Data items
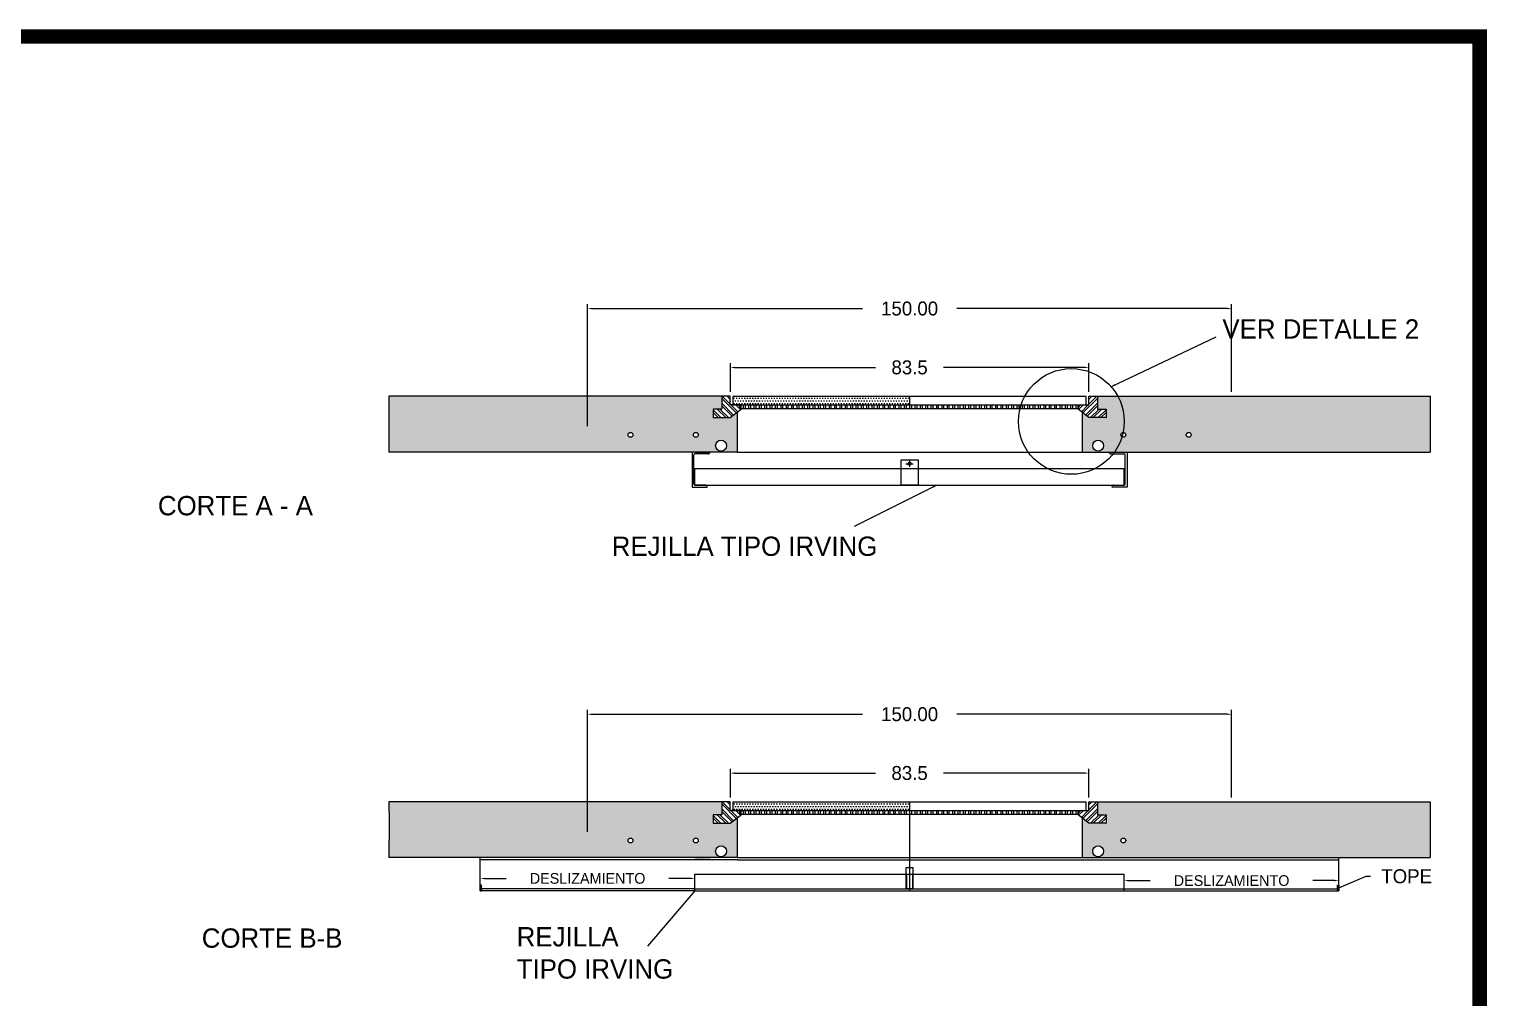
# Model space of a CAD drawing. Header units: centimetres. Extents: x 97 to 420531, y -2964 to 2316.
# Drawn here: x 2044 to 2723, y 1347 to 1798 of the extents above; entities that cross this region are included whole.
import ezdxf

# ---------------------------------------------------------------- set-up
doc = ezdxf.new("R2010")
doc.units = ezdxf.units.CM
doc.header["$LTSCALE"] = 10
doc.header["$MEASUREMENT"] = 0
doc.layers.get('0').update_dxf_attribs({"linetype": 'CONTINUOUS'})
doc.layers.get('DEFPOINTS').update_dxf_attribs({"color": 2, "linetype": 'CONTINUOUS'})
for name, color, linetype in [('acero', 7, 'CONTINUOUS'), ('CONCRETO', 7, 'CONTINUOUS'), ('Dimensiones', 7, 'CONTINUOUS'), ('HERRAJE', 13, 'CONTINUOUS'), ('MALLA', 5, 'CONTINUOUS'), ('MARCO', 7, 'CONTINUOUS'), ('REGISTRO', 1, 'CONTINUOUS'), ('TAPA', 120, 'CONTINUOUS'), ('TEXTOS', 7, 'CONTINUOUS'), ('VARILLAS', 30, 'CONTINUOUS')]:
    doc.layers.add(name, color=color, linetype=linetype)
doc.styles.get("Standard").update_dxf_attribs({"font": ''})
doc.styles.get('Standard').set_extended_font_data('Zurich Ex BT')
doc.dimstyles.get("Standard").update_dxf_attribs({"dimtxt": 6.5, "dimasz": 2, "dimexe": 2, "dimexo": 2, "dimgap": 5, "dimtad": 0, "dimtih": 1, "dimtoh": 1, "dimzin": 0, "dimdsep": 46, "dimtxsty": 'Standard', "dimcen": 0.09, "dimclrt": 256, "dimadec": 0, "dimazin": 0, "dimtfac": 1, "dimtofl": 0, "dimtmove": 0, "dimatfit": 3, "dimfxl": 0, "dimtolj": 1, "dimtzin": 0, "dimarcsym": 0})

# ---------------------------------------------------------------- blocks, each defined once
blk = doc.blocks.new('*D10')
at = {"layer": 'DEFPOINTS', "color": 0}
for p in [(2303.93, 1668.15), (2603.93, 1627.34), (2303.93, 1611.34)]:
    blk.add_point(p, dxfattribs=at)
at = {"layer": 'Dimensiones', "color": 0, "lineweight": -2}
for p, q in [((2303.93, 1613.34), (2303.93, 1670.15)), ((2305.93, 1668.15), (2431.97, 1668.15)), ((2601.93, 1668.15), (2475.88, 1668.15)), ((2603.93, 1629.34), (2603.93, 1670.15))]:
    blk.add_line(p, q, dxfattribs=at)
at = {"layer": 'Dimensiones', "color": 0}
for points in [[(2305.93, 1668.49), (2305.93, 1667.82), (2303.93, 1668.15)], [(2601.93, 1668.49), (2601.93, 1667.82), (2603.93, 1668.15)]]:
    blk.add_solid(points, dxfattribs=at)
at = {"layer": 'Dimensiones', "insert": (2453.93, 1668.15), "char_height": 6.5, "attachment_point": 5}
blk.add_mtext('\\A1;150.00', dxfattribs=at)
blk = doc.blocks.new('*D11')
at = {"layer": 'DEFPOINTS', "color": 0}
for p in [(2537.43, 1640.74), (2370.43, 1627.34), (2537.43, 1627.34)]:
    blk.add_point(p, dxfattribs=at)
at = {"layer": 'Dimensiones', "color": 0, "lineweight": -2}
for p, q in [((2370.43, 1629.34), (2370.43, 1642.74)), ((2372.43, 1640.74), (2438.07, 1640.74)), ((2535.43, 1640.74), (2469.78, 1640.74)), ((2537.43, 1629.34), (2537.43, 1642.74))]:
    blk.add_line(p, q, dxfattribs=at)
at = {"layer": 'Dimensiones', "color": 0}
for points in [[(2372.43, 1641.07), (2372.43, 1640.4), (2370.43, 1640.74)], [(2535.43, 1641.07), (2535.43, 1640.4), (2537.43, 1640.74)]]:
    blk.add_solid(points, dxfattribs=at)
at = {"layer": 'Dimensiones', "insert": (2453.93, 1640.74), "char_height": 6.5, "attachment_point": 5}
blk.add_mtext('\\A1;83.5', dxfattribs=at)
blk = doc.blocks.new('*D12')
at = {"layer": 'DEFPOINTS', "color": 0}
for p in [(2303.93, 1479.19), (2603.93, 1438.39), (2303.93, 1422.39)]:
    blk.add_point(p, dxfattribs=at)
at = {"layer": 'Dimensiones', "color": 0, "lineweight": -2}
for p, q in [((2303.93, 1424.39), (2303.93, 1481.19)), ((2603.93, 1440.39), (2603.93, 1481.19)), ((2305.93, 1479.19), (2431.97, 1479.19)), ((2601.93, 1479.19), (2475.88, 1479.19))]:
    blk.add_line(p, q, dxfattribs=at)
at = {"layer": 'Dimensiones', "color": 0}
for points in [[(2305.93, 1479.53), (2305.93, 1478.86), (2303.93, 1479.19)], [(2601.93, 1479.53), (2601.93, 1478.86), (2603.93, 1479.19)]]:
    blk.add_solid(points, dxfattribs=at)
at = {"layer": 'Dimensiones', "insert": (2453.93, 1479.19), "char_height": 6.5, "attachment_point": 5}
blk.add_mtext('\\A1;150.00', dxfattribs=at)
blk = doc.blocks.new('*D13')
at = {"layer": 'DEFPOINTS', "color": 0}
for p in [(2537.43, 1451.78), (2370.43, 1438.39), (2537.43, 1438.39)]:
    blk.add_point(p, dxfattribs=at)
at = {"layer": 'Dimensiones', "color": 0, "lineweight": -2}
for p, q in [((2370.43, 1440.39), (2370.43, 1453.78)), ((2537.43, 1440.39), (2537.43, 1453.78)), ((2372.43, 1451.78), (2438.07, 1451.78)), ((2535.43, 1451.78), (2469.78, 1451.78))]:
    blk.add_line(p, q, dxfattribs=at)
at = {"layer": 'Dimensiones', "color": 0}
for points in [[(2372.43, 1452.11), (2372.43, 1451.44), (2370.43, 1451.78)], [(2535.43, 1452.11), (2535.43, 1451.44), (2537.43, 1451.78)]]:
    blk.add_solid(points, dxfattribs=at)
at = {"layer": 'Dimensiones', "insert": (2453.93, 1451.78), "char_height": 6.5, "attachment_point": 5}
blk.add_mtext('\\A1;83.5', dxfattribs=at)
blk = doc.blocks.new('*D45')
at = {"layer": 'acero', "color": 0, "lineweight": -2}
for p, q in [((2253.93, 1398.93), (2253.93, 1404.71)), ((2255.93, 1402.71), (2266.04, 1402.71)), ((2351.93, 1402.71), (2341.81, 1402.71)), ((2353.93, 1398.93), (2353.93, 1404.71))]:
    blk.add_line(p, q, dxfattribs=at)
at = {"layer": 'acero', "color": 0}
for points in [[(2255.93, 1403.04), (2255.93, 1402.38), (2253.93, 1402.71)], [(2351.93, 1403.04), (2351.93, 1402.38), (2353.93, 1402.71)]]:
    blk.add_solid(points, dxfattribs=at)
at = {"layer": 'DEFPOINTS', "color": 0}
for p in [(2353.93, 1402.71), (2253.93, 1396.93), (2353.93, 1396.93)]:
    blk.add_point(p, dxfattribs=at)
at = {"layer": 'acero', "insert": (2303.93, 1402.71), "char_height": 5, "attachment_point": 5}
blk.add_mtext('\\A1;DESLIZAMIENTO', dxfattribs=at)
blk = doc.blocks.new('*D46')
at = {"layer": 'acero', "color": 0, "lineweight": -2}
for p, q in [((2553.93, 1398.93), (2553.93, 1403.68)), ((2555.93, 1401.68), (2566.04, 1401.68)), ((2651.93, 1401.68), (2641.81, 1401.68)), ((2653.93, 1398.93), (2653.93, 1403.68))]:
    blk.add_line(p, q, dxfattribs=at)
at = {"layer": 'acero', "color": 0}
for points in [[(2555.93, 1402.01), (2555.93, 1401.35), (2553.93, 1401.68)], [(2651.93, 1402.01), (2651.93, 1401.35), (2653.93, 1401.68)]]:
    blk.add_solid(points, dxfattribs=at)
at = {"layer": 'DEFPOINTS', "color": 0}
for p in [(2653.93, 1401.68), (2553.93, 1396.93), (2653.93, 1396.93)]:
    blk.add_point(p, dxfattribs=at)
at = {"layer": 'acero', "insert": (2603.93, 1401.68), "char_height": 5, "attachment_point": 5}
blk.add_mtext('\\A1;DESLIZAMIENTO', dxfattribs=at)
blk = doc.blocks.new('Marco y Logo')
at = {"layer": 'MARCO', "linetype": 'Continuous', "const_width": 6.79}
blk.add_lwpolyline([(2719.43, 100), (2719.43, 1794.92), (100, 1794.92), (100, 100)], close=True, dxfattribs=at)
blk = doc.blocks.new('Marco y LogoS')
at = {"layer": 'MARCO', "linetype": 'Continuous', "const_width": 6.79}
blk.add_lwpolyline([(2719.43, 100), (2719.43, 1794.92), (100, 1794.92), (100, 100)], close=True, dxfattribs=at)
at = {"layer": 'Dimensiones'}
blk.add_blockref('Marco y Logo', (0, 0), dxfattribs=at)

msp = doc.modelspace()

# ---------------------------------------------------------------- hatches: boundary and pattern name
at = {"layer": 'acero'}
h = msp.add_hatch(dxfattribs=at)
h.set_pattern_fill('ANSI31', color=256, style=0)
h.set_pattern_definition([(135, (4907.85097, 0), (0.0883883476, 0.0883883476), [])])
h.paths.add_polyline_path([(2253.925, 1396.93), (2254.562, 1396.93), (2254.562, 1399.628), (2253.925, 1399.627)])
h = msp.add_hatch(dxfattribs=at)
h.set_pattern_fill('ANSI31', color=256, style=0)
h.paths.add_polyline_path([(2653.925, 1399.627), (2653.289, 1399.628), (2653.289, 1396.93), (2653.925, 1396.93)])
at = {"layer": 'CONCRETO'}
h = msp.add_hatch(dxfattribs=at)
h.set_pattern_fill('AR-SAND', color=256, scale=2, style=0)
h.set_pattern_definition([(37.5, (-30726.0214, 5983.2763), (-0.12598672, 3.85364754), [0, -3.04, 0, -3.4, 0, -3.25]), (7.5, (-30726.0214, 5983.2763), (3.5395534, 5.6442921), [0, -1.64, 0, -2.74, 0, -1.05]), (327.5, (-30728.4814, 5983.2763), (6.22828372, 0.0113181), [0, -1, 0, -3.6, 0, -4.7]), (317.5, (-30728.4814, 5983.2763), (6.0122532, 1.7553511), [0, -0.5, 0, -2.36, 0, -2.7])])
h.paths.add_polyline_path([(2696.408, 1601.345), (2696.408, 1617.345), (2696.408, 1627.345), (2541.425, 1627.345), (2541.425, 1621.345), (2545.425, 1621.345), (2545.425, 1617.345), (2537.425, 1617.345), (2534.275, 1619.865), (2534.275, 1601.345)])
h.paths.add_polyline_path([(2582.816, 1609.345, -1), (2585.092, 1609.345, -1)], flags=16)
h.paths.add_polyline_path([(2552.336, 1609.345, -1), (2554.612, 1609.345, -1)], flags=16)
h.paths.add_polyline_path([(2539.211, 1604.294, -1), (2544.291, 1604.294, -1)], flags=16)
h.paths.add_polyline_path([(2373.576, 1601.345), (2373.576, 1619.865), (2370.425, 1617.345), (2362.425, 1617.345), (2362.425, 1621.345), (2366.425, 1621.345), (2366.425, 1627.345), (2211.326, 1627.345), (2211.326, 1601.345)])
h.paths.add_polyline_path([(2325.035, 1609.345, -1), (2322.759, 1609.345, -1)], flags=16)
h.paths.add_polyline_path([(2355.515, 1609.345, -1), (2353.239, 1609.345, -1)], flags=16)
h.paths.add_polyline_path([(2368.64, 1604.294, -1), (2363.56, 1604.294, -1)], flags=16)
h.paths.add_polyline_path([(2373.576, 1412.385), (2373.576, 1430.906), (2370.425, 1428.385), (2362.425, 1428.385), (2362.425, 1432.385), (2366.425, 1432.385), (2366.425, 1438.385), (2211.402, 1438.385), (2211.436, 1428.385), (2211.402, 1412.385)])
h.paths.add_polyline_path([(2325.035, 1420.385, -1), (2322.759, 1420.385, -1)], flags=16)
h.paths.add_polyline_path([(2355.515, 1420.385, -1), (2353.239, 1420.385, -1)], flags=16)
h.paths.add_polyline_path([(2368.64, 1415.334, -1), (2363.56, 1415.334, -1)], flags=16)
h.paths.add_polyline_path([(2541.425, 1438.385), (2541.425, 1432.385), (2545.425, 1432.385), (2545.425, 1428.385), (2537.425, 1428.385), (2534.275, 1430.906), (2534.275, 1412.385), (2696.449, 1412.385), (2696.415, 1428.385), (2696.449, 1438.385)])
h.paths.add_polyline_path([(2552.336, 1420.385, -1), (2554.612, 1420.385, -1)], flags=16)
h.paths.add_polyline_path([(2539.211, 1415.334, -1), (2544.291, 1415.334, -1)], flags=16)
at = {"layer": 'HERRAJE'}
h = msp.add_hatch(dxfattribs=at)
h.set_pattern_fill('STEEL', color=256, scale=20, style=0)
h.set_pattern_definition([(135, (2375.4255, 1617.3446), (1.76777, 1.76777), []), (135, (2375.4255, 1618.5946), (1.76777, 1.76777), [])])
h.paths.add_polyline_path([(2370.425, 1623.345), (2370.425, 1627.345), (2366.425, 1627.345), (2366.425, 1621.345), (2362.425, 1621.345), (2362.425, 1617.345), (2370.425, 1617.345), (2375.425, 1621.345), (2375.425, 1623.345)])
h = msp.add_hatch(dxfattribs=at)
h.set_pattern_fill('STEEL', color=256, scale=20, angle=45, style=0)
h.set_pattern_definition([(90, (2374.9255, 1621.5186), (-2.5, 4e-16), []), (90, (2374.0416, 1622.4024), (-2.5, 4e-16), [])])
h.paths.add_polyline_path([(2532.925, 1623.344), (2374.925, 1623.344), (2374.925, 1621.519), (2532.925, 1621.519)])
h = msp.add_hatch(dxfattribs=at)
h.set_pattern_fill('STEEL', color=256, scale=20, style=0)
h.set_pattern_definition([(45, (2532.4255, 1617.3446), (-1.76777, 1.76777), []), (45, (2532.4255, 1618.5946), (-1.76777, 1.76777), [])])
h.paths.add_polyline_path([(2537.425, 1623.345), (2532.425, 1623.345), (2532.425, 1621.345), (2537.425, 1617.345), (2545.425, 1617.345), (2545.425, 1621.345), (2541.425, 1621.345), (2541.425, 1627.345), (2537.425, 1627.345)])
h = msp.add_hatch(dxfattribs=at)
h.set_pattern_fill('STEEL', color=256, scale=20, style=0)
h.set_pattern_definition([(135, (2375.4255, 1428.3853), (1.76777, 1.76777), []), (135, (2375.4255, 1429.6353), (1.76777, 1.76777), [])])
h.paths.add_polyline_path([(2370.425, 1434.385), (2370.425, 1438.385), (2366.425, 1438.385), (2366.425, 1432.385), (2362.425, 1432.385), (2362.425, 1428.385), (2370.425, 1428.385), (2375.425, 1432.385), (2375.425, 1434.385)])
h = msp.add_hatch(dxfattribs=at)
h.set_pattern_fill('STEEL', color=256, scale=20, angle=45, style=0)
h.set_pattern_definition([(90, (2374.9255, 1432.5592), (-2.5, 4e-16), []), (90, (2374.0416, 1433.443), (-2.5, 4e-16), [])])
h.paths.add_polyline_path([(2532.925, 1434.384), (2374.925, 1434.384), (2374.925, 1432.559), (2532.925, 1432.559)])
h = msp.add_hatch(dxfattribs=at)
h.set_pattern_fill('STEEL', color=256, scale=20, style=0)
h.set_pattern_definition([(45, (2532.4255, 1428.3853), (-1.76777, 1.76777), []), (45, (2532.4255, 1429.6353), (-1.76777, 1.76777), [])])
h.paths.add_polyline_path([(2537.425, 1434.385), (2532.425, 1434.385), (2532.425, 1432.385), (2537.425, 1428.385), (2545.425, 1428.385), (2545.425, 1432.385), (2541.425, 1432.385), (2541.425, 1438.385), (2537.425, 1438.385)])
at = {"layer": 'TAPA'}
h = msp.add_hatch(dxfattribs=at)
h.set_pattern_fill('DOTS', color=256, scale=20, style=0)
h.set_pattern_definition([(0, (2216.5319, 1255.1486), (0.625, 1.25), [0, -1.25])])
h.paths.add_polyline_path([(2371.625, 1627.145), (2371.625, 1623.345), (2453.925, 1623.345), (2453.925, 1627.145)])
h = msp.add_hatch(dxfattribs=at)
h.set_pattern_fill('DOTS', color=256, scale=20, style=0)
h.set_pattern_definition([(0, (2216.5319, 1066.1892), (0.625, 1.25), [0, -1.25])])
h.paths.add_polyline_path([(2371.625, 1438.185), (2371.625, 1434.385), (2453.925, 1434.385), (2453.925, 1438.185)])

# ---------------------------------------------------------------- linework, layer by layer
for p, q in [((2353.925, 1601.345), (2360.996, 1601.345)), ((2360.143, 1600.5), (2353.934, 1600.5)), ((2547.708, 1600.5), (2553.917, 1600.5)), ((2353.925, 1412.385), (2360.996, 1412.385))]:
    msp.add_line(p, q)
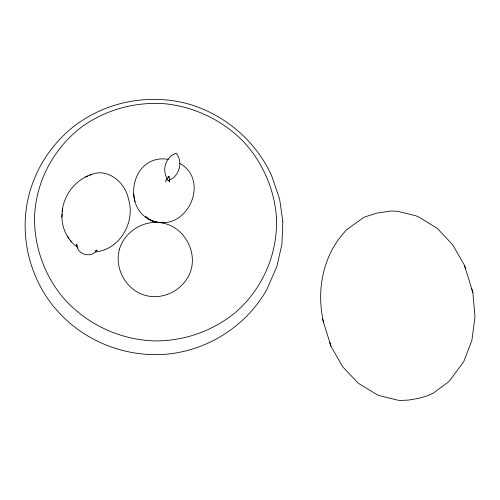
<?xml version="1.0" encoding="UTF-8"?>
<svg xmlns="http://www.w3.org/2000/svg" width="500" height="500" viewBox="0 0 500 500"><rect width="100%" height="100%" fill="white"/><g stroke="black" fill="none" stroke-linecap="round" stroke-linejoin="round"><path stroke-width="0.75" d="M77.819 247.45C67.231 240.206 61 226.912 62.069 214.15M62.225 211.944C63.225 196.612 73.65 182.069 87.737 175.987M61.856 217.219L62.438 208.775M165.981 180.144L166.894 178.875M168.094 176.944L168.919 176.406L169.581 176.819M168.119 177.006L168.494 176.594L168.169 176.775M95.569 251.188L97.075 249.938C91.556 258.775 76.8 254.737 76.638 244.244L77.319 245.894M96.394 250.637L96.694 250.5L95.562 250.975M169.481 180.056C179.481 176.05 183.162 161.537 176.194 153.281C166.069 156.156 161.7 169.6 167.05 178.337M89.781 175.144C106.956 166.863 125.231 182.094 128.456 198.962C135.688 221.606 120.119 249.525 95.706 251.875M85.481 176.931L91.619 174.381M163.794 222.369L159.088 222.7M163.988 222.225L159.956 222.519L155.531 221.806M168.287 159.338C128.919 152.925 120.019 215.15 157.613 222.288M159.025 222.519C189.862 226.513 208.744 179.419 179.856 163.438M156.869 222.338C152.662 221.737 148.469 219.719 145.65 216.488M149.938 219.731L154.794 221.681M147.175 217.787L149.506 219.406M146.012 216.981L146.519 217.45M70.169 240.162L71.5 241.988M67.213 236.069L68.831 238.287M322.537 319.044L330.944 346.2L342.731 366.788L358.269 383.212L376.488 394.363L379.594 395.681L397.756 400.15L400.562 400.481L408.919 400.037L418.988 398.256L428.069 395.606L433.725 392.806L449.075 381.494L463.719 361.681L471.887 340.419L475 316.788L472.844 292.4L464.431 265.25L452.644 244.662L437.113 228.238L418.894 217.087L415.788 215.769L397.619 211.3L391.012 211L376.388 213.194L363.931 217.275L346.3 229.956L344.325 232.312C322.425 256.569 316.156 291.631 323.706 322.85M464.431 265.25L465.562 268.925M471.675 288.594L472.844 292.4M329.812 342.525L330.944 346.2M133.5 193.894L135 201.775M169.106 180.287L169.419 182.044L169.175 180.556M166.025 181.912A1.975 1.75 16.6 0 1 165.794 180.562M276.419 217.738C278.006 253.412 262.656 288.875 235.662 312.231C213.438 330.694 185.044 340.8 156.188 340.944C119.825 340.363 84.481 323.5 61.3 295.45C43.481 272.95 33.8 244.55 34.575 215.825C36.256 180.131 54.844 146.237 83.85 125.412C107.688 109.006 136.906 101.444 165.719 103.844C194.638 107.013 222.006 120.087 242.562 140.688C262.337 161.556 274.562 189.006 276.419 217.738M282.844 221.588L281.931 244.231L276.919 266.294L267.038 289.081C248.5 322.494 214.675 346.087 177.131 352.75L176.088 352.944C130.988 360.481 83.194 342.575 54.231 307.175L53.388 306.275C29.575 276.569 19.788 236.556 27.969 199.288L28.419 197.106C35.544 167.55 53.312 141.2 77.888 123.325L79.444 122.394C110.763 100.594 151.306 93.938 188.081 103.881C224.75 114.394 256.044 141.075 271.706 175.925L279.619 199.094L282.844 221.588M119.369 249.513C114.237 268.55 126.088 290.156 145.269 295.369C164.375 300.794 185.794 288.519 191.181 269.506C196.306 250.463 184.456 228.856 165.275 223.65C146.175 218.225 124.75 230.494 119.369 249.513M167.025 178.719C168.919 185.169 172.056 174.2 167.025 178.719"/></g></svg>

### What is needed:
Show a copy of each line from the data that includes the word "TAPA".

### Exercise solution:
for name, color, linetype in [('acero', 7, 'CONTINUOUS'), ('CONCRETO', 7, 'CONTINUOUS'), ('Dimensiones', 7, 'CONTINUOUS'), ('HERRAJE', 13, 'CONTINUOUS'), ('MALLA', 5, 'CONTINUOUS'), ('MARCO', 7, 'CONTINUOUS'), ('REGISTRO', 1, 'CONTINUOUS'), ('TAPA', 120, 'CONTINUOUS'), ('TEXTOS', 7, 'CONTINUOUS'), ('VARILLAS', 30, 'CONTINUOUS')]:
at = {"layer": 'TAPA'}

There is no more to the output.